- [PROMPT]:
If a line in the data below holds the word "color", include it in the count. Give only the final number.

------ DATA RECORDS ------

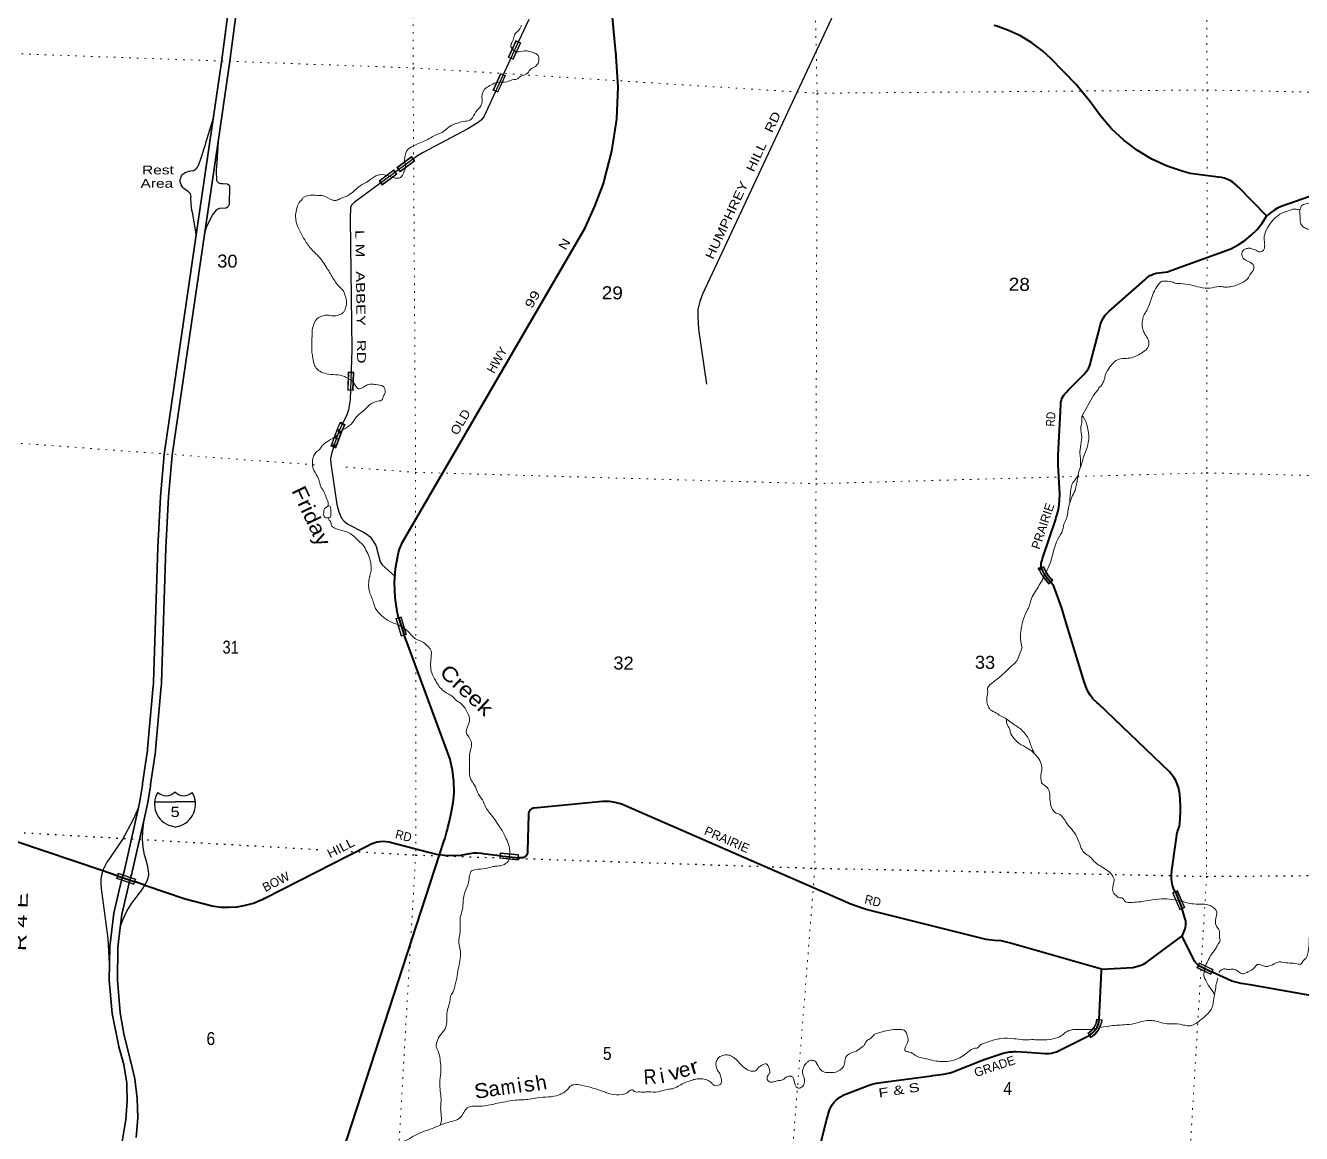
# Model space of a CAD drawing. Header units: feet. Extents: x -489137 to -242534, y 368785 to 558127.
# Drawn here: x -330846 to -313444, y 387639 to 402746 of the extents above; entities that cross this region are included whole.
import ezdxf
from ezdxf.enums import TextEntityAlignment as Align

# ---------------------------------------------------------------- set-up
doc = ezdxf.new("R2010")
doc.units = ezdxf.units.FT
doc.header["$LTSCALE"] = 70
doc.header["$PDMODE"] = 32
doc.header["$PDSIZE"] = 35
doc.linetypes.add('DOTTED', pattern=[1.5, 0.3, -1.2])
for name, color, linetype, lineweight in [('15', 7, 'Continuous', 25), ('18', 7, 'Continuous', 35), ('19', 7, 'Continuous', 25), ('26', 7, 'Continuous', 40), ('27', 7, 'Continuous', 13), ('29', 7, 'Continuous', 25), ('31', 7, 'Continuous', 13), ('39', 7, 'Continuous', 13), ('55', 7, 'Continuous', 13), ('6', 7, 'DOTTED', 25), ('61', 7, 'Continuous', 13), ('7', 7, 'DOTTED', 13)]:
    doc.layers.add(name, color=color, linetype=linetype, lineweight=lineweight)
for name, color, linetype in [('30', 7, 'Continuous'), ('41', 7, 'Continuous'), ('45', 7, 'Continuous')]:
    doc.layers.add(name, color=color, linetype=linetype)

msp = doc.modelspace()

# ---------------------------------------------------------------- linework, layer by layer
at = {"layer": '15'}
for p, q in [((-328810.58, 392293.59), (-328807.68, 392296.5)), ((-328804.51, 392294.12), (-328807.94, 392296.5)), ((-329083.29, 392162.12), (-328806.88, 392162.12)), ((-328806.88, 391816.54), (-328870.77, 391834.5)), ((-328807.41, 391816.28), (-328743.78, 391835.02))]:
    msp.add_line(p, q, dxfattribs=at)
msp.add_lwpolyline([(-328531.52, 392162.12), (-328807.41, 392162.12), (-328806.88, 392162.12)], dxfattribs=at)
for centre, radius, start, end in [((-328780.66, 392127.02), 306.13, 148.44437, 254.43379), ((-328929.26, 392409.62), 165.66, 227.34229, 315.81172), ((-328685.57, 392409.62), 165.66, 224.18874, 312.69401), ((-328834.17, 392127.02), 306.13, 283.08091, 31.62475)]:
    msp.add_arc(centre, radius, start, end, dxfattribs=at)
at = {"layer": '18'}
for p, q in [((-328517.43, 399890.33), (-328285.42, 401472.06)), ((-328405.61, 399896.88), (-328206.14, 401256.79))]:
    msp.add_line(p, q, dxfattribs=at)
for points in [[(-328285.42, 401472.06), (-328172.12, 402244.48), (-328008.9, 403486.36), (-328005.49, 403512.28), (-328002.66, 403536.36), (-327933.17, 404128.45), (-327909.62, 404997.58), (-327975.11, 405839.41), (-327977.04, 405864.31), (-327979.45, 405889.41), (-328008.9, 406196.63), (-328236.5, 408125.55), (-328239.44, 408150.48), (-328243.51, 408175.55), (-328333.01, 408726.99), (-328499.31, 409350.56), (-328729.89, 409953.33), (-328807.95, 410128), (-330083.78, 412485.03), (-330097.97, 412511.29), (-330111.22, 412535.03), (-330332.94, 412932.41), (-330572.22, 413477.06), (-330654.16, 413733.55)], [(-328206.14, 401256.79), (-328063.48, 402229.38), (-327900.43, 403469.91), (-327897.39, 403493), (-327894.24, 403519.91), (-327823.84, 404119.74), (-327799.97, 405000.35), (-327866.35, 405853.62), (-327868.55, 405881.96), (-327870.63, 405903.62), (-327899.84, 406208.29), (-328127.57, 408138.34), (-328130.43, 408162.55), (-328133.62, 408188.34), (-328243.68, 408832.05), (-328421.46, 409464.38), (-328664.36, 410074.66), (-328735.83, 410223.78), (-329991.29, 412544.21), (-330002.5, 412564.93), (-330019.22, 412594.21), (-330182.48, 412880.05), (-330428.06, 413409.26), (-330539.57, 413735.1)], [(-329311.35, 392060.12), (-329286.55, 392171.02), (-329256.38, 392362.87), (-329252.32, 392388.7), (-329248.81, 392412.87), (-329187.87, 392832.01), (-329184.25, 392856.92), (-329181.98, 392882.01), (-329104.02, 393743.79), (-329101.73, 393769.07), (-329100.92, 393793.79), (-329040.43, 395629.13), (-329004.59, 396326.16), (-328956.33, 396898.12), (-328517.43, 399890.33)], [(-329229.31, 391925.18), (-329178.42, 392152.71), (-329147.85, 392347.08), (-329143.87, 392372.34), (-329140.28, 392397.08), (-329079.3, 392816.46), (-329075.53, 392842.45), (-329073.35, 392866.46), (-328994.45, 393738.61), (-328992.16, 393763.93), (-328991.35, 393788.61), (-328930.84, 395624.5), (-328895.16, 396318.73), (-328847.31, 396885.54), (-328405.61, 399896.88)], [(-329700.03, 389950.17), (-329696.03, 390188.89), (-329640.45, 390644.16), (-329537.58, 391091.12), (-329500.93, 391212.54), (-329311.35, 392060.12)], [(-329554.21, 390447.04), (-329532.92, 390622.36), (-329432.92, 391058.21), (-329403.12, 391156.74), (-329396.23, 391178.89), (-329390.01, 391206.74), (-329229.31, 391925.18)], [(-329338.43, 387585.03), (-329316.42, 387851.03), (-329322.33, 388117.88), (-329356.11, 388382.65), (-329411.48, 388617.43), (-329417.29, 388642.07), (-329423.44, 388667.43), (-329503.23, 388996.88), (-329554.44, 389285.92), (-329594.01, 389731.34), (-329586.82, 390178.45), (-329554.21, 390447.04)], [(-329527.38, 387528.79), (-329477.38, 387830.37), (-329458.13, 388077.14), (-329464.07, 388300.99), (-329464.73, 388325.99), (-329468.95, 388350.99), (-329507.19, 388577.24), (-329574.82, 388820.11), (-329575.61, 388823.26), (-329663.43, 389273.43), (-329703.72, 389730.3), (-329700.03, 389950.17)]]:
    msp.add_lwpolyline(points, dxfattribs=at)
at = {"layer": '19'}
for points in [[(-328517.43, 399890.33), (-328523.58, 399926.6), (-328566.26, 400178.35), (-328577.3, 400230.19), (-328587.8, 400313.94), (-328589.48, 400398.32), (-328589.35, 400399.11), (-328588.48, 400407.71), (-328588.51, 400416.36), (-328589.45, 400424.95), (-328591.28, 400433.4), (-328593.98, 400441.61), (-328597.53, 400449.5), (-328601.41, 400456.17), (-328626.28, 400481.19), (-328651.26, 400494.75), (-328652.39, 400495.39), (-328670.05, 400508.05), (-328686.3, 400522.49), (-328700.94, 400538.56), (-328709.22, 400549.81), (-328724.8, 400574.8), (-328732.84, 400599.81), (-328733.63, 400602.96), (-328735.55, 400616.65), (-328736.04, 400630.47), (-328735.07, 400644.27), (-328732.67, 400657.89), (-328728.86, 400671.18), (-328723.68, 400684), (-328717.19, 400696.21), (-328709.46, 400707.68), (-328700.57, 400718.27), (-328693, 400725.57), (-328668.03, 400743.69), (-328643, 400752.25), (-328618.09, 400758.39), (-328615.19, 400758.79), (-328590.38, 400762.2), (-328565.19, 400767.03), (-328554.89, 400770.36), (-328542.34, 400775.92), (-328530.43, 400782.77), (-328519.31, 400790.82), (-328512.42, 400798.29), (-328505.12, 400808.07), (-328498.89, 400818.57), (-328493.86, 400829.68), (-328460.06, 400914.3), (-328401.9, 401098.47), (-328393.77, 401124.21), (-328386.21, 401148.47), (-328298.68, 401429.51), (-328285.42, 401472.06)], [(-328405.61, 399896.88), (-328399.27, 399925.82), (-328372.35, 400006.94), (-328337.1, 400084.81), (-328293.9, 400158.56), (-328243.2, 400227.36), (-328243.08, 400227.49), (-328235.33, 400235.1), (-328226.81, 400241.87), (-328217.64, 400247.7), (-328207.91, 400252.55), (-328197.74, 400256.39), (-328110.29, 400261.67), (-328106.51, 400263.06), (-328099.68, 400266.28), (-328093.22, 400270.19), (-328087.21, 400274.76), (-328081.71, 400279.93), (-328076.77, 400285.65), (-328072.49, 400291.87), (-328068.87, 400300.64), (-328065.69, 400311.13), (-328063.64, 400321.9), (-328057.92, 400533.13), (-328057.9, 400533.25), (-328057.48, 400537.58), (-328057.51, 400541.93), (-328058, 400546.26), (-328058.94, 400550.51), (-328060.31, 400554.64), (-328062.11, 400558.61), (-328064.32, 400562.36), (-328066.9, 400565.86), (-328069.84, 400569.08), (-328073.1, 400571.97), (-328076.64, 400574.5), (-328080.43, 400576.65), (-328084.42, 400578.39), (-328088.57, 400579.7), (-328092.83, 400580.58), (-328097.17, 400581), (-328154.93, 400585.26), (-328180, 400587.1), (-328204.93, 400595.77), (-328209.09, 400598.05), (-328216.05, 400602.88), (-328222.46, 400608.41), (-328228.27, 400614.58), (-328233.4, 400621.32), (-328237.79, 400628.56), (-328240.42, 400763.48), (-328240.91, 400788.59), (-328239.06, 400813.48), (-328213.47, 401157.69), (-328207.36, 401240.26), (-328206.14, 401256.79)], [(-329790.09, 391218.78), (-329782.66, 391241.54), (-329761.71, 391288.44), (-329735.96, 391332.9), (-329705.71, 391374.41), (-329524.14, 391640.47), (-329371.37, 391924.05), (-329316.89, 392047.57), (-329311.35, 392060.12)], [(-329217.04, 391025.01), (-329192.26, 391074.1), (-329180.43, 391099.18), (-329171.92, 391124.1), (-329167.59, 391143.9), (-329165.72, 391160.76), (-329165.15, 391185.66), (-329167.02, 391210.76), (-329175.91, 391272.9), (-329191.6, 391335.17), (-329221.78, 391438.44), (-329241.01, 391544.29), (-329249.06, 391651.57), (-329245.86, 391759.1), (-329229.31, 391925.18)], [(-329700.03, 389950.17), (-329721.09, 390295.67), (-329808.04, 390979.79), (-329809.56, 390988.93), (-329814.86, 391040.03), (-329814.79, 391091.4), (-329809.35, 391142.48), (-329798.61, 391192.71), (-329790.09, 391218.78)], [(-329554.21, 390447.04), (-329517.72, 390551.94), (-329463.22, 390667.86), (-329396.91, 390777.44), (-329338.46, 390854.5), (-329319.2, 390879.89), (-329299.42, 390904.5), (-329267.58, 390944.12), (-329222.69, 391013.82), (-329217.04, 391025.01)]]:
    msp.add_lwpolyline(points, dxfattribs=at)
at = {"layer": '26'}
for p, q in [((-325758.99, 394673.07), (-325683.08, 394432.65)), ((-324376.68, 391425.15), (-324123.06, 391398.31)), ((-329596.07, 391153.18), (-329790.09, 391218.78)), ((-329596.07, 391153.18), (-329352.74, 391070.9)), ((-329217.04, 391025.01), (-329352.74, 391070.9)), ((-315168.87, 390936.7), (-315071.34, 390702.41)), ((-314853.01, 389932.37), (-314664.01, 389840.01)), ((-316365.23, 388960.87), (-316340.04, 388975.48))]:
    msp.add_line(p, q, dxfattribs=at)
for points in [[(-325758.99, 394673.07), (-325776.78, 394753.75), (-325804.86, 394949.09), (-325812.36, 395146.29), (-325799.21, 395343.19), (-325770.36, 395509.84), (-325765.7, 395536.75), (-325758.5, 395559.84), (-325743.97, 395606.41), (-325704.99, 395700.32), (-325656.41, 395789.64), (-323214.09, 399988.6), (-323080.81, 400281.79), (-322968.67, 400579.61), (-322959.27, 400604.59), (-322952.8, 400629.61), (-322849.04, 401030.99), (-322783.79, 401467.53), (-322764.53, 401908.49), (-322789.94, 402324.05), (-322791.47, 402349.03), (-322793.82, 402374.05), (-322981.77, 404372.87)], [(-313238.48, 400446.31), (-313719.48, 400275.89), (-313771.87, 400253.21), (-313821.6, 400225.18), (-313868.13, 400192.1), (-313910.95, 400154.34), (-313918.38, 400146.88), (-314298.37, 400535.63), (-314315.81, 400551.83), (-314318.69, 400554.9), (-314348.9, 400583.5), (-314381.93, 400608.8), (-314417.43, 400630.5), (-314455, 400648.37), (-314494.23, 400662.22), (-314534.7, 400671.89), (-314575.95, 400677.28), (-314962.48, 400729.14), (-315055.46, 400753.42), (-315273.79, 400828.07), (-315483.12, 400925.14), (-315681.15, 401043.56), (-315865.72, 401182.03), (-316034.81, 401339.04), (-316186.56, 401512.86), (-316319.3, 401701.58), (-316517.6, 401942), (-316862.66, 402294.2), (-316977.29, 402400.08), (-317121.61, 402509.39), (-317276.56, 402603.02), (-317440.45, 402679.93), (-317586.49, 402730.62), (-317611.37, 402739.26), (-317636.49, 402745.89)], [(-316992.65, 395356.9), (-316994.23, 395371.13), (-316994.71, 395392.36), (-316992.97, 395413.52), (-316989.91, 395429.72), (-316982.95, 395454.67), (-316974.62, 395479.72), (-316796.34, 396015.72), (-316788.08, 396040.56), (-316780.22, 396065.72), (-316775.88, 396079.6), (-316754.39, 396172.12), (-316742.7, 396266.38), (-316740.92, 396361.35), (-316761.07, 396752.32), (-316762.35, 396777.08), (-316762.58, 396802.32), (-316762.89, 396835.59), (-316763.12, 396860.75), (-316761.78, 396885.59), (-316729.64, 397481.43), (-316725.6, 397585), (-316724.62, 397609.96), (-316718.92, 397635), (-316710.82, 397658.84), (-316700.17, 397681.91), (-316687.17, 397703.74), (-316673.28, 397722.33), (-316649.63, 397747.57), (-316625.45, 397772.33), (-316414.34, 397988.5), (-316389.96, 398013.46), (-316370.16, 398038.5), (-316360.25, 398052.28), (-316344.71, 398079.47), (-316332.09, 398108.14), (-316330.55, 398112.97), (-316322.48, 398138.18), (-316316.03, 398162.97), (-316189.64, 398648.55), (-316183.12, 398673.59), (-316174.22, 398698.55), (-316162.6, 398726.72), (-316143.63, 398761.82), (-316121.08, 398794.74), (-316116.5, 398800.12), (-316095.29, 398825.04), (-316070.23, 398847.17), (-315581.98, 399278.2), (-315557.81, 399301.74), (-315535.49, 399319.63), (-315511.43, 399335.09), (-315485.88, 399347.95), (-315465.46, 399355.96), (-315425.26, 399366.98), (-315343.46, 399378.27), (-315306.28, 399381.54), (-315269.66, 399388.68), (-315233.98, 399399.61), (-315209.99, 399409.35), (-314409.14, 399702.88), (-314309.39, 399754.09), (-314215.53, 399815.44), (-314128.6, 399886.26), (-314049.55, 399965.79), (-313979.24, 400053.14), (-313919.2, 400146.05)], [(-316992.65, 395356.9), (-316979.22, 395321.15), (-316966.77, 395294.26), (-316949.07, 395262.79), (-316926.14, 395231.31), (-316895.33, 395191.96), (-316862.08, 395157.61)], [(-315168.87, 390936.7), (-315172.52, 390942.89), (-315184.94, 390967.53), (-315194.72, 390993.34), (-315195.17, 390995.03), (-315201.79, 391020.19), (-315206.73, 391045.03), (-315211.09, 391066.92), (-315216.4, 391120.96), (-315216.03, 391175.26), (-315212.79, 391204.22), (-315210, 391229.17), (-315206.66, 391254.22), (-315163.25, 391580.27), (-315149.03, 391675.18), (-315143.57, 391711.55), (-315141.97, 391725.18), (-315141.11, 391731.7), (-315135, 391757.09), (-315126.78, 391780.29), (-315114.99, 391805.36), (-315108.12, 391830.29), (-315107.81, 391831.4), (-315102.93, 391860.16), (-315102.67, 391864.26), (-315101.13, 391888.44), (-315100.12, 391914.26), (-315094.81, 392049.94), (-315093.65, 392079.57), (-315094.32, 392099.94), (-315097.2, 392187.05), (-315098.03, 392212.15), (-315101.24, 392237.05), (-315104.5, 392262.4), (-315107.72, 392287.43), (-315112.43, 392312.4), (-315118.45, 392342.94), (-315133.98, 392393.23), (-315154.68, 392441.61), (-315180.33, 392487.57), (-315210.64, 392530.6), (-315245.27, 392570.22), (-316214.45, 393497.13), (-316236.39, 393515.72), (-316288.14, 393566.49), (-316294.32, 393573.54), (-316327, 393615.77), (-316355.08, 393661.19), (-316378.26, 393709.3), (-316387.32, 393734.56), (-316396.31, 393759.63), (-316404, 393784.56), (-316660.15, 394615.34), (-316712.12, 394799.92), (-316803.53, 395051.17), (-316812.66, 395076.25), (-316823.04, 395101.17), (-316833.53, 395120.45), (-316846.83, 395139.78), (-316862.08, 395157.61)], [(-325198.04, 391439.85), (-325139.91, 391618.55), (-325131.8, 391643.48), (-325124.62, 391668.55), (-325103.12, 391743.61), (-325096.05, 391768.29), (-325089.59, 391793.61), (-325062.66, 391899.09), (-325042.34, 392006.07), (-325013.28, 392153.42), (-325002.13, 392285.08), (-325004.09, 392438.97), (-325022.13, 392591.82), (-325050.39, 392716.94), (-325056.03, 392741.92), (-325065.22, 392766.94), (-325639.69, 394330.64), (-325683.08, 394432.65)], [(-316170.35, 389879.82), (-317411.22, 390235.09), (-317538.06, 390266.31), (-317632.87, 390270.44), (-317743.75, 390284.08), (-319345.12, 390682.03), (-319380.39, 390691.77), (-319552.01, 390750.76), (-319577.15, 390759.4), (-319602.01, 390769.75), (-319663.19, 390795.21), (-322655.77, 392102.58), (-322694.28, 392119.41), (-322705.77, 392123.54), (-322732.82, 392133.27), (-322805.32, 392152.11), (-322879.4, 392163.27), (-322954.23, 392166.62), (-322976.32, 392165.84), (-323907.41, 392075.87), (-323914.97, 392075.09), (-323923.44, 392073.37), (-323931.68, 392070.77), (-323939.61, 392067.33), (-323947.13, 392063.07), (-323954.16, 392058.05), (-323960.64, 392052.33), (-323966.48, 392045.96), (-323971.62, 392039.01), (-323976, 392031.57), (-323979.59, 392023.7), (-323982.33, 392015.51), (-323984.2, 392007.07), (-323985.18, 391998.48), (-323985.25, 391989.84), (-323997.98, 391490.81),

------

- [ANSWER TO THIS EXERCISE]:
4